Collected data entries:

= = =

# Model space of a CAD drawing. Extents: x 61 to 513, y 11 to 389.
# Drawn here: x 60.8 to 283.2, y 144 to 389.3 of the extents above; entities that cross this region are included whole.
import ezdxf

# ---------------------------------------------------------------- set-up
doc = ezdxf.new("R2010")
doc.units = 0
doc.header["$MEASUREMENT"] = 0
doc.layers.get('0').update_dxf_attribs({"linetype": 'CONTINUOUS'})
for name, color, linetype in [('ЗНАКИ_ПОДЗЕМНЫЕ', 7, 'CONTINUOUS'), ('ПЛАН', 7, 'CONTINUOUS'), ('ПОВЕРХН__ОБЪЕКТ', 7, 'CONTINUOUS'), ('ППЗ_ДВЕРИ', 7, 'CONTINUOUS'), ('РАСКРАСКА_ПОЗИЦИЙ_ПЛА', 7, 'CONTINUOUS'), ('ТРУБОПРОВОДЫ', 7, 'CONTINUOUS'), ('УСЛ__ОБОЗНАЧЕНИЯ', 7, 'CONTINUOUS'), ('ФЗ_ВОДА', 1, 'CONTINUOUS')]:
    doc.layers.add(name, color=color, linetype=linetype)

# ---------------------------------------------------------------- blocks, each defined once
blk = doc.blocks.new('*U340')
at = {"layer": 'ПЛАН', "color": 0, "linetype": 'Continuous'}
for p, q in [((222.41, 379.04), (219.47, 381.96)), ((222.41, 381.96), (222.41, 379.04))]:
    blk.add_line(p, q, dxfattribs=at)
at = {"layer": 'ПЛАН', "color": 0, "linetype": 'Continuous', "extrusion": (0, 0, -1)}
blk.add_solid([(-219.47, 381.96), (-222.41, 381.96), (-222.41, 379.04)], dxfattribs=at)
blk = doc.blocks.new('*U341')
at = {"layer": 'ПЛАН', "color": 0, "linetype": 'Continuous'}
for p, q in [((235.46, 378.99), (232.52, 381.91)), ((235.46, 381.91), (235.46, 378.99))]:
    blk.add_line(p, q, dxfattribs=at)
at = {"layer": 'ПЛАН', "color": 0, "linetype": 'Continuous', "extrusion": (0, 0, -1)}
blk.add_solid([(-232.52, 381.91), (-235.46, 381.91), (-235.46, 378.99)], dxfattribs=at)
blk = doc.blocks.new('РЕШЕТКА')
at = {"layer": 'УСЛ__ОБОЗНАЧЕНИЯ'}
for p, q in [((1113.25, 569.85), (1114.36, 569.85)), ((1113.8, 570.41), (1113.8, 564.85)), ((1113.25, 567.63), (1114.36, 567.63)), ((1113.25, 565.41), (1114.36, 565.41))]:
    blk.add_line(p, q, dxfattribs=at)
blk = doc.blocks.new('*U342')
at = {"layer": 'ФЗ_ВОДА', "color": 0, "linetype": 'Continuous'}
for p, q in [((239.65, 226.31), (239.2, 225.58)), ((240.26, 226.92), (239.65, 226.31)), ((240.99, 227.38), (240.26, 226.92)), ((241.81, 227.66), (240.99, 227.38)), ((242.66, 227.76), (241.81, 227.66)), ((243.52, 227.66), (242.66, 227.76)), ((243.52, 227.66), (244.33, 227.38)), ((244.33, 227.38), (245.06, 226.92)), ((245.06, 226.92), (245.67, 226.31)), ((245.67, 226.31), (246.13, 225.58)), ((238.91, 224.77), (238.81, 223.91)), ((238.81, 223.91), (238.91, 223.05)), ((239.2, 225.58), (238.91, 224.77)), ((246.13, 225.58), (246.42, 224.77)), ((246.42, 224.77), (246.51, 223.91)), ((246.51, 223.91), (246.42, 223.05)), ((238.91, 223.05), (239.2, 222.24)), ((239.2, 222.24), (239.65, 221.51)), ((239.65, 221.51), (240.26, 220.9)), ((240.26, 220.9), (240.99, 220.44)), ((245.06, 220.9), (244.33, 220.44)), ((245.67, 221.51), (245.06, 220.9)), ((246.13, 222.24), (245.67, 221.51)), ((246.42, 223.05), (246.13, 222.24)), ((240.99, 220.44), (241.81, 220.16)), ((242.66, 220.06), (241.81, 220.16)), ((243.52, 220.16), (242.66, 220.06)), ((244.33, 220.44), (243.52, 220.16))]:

= = =

_The task_: Give back precisely the lines above that start at the line containing "blk = doc.blocks.new('*U340')" and end at the line containing "blk = doc.blocks.new('*U341')", inclusive. No other lines belong in the output.

_Result below_:
blk = doc.blocks.new('*U340')
at = {"layer": 'ПЛАН', "color": 0, "linetype": 'Continuous'}
for p, q in [((222.41, 379.04), (219.47, 381.96)), ((222.41, 381.96), (222.41, 379.04))]:
    blk.add_line(p, q, dxfattribs=at)
at = {"layer": 'ПЛАН', "color": 0, "linetype": 'Continuous', "extrusion": (0, 0, -1)}
blk.add_solid([(-219.47, 381.96), (-222.41, 381.96), (-222.41, 379.04)], dxfattribs=at)
blk = doc.blocks.new('*U341')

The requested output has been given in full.